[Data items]
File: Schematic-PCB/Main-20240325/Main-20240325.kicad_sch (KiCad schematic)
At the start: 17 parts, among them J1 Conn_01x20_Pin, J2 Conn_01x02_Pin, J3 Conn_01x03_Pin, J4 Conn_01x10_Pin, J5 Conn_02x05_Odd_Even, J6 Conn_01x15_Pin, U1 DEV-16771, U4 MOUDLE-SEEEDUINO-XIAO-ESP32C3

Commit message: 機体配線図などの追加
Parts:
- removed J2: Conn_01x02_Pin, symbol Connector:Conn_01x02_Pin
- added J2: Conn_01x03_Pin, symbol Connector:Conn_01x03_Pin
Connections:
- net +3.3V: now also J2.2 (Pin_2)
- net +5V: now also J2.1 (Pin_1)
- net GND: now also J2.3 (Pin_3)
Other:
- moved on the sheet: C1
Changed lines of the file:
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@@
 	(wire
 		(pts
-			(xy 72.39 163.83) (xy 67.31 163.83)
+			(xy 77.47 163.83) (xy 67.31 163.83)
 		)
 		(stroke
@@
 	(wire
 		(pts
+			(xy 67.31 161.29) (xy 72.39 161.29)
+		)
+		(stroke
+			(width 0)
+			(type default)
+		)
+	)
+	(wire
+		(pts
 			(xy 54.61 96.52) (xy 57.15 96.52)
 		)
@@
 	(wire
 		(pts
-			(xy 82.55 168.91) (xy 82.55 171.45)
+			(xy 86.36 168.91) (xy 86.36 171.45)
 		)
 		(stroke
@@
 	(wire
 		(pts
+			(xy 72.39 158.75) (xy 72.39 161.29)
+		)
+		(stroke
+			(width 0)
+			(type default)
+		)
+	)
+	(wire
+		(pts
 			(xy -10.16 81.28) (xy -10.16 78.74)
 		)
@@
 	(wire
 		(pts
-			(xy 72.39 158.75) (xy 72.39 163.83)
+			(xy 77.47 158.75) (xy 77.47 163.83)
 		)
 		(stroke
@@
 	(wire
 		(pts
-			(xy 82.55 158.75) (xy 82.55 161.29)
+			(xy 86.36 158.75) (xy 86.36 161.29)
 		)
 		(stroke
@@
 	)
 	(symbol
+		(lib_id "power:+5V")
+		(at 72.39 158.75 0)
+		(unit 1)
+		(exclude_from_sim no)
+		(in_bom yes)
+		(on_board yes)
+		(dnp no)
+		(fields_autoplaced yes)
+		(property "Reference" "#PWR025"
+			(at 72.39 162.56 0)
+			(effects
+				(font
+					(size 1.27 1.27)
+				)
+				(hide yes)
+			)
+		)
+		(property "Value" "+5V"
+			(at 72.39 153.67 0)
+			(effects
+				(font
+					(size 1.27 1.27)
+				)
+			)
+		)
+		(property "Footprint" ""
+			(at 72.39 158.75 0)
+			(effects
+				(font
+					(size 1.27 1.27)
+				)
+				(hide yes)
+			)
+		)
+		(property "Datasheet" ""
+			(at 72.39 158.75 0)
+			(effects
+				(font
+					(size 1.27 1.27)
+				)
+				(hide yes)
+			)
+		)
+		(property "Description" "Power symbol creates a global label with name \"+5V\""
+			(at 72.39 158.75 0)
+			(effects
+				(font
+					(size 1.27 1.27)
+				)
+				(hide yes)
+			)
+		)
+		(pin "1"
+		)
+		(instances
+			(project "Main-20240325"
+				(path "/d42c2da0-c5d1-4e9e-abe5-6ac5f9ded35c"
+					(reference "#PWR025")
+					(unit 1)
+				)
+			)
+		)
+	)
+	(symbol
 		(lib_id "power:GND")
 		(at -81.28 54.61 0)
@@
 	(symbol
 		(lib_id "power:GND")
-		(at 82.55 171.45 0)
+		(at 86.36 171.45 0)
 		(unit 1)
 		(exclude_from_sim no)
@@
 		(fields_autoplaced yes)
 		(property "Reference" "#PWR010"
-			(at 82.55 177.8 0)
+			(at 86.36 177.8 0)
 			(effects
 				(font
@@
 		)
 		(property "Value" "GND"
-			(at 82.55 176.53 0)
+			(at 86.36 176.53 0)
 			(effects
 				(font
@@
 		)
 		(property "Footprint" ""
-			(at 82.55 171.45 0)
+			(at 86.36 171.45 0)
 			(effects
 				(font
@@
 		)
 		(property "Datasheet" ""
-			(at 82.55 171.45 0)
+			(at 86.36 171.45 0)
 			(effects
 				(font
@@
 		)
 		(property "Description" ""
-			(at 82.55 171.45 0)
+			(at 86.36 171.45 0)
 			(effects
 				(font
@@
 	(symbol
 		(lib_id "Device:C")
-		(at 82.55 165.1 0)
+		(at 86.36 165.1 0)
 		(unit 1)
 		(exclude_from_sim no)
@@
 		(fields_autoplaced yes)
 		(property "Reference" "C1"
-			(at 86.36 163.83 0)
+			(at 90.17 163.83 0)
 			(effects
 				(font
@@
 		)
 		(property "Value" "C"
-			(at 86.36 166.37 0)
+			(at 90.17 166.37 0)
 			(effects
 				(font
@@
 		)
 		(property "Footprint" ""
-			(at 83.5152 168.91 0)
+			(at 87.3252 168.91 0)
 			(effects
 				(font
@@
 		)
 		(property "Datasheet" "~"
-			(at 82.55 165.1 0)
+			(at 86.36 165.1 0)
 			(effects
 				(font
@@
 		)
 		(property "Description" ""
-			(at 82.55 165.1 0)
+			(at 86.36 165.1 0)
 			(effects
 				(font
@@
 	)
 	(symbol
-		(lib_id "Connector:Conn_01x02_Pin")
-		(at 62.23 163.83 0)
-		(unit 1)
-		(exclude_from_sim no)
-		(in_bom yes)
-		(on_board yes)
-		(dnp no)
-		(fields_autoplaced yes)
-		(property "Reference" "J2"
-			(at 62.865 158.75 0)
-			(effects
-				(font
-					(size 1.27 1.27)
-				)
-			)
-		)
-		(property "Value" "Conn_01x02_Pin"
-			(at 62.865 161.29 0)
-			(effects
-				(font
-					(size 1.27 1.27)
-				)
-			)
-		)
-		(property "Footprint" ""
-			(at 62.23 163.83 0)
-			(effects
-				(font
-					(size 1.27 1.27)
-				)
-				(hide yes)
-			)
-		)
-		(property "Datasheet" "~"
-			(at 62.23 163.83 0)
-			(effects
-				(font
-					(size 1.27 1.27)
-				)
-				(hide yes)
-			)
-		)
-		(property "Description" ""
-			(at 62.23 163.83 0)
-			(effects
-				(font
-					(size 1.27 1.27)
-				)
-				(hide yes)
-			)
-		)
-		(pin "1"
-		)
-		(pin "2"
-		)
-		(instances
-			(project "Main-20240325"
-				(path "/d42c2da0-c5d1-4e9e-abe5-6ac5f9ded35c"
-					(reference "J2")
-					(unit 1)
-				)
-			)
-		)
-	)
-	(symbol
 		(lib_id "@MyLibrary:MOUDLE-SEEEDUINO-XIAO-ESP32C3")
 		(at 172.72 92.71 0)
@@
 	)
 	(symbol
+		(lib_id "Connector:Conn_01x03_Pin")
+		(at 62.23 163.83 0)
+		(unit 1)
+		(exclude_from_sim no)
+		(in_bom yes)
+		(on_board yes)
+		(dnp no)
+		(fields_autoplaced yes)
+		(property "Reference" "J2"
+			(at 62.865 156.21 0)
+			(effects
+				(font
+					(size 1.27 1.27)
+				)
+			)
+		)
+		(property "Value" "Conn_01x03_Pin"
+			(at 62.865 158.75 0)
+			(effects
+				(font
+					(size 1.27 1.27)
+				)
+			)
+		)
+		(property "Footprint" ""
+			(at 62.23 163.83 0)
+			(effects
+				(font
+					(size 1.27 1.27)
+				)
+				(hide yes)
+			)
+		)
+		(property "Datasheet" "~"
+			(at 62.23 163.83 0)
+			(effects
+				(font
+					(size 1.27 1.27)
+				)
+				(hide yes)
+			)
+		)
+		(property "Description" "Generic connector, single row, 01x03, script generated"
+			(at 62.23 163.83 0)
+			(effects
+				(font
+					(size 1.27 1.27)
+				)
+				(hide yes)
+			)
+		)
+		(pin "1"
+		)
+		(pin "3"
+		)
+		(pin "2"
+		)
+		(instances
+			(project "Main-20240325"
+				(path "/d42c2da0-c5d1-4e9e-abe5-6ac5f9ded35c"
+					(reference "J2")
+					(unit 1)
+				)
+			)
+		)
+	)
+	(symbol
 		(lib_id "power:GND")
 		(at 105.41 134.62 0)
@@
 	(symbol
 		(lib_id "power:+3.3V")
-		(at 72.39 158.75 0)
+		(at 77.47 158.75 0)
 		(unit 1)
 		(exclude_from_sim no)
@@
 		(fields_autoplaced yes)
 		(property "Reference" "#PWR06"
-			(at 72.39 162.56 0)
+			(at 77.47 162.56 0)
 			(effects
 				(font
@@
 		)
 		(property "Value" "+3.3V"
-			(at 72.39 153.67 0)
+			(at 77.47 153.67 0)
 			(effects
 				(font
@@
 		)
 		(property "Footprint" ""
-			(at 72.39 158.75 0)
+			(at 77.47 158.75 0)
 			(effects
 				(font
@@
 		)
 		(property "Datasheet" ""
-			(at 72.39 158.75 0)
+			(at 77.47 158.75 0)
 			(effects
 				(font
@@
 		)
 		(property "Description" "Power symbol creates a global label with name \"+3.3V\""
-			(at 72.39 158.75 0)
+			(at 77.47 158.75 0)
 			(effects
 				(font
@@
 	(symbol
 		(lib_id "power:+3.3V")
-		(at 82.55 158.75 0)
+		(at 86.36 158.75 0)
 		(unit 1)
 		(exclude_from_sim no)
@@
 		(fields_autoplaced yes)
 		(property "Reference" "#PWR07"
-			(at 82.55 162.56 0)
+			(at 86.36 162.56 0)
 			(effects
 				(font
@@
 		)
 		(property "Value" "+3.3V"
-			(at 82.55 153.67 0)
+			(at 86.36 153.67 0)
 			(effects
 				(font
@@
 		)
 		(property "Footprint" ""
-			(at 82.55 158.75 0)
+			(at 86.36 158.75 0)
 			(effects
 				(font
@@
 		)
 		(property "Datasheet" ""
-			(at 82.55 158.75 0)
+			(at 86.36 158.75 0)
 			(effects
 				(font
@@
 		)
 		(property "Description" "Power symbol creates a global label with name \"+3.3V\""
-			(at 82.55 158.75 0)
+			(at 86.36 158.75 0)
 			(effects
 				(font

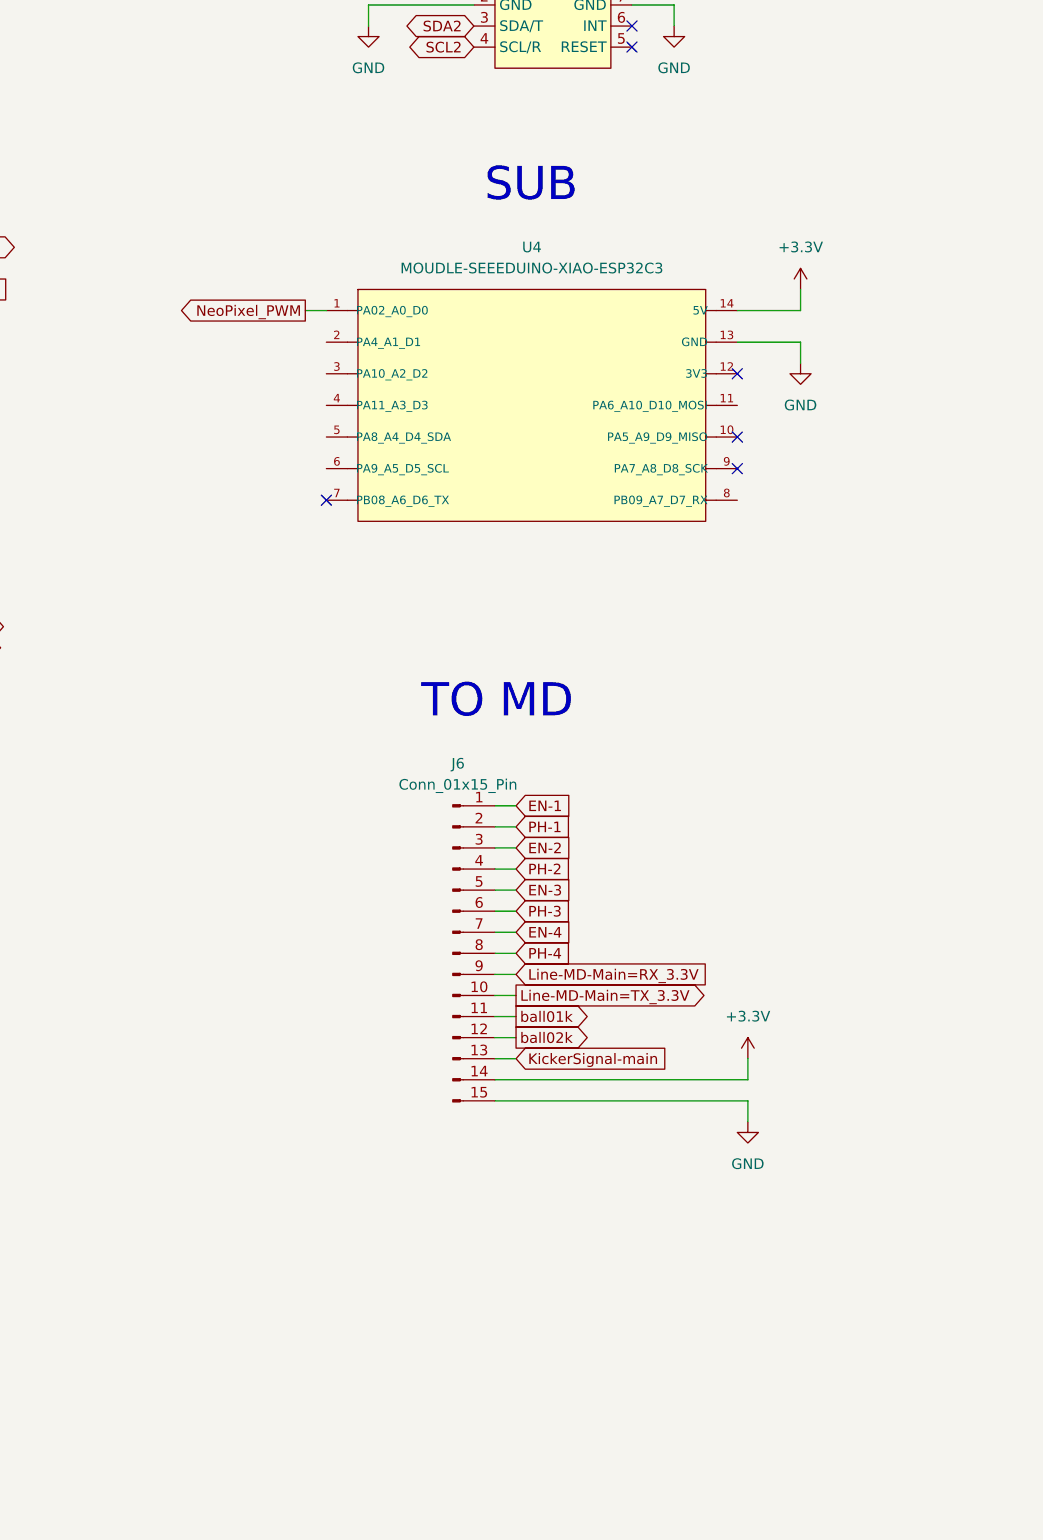
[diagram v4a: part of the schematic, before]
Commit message: メイン基板の回路図を修正しました
ESP32C3の使用禁止ピンなどの修正
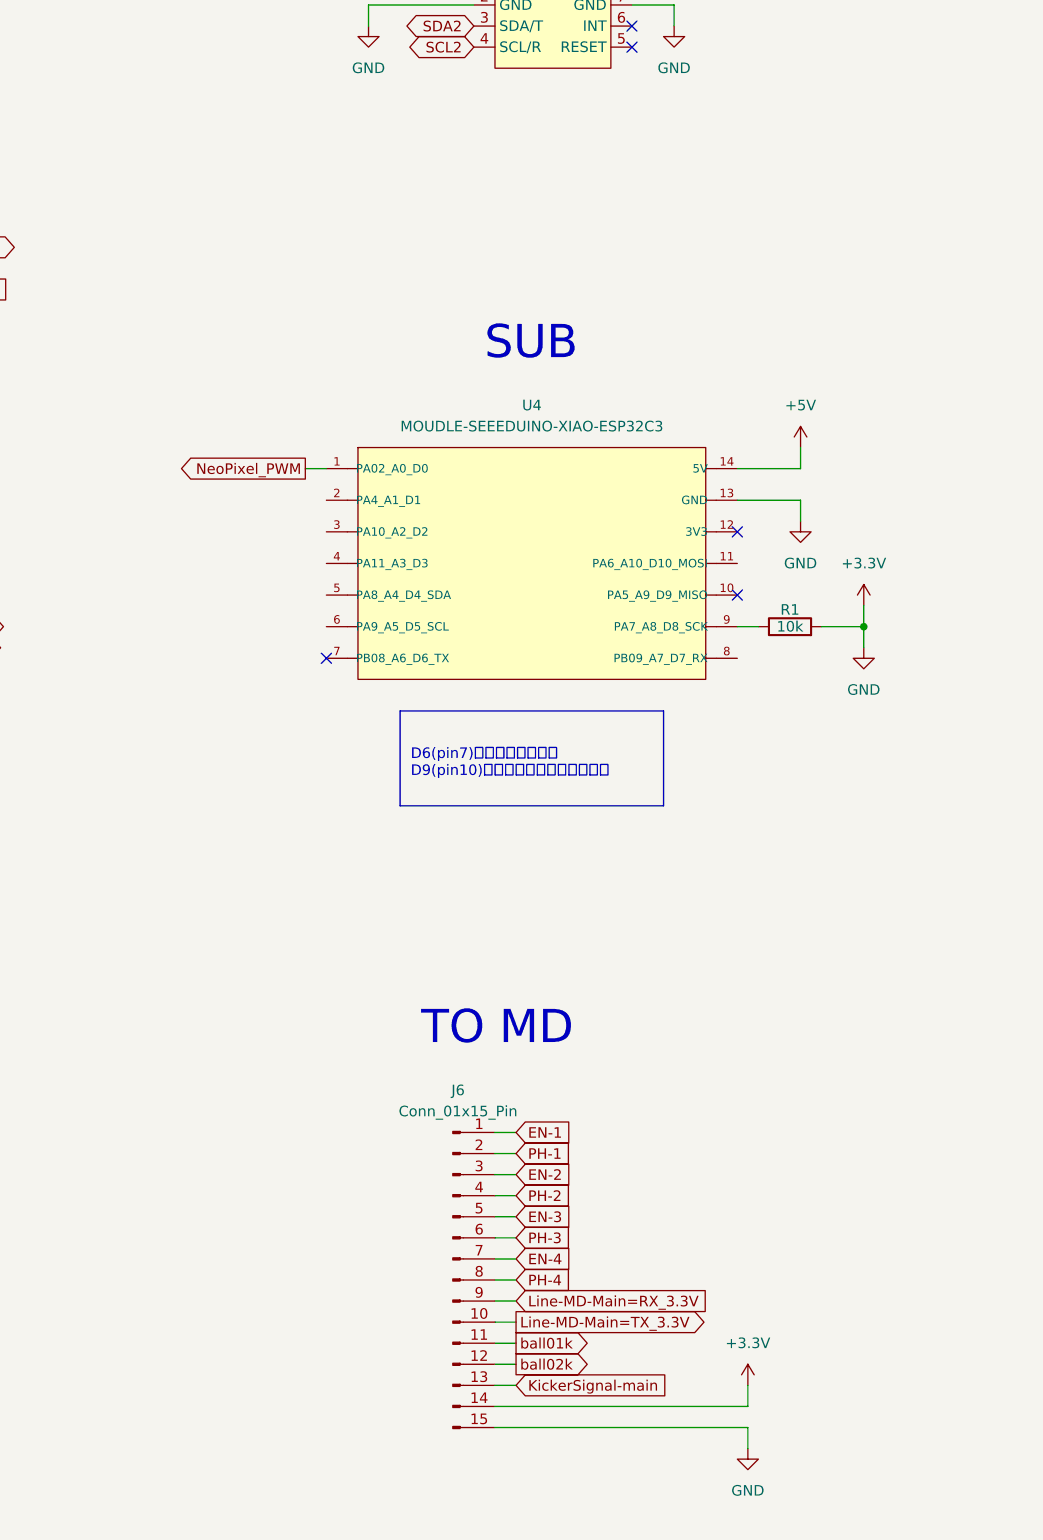
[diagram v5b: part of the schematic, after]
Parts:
- added R1: 10k, symbol Device:R
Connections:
- net GND is gone; now on net +3.3V: C1.2, D1.1 (K), D2.1 (K), D3.1 (K), J1.19 (Pin_19), J1.20 (Pin_20), J2.3 (Pin_3), J3.3 (Pin_3), J4.2 (Pin_2), J5.6 (Pin_6), J6.15 (Pin_15), U1.GND1 (GND), U1.GND2 (GND), U1.GND3 (GND), U1.GND4 (GND), U1.GND5 (GND), U2.2 (GND), U3.2 (GND), U3.7 (GND), U4.13 (GND)
- net +3.3V: now also R1.2; no longer U4.14 (5V)
- net +5V: now also U4.14 (5V)
- net at U4.9 (PA7_A8_D8_SCK): now also R1.1
- no-connect marks 17 -> 16
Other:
- note added: "D6(pin7)は基本使用しない D9(pin10)はスイッチ入力に使用する"
- moved on the sheet: J6, U4

▶ _Required action_
Every line above with the word "MOUDLE" belongs in the answer, copied as written.

▶ _Exercise answer_
At the start: 17 parts, among them J1 Conn_01x20_Pin, J2 Conn_01x02_Pin, J3 Conn_01x03_Pin, J4 Conn_01x10_Pin, J5 Conn_02x05_Odd_Even, J6 Conn_01x15_Pin, U1 DEV-16771, U4 MOUDLE-SEEEDUINO-XIAO-ESP32C3
 		(lib_id "@MyLibrary:MOUDLE-SEEEDUINO-XIAO-ESP32C3")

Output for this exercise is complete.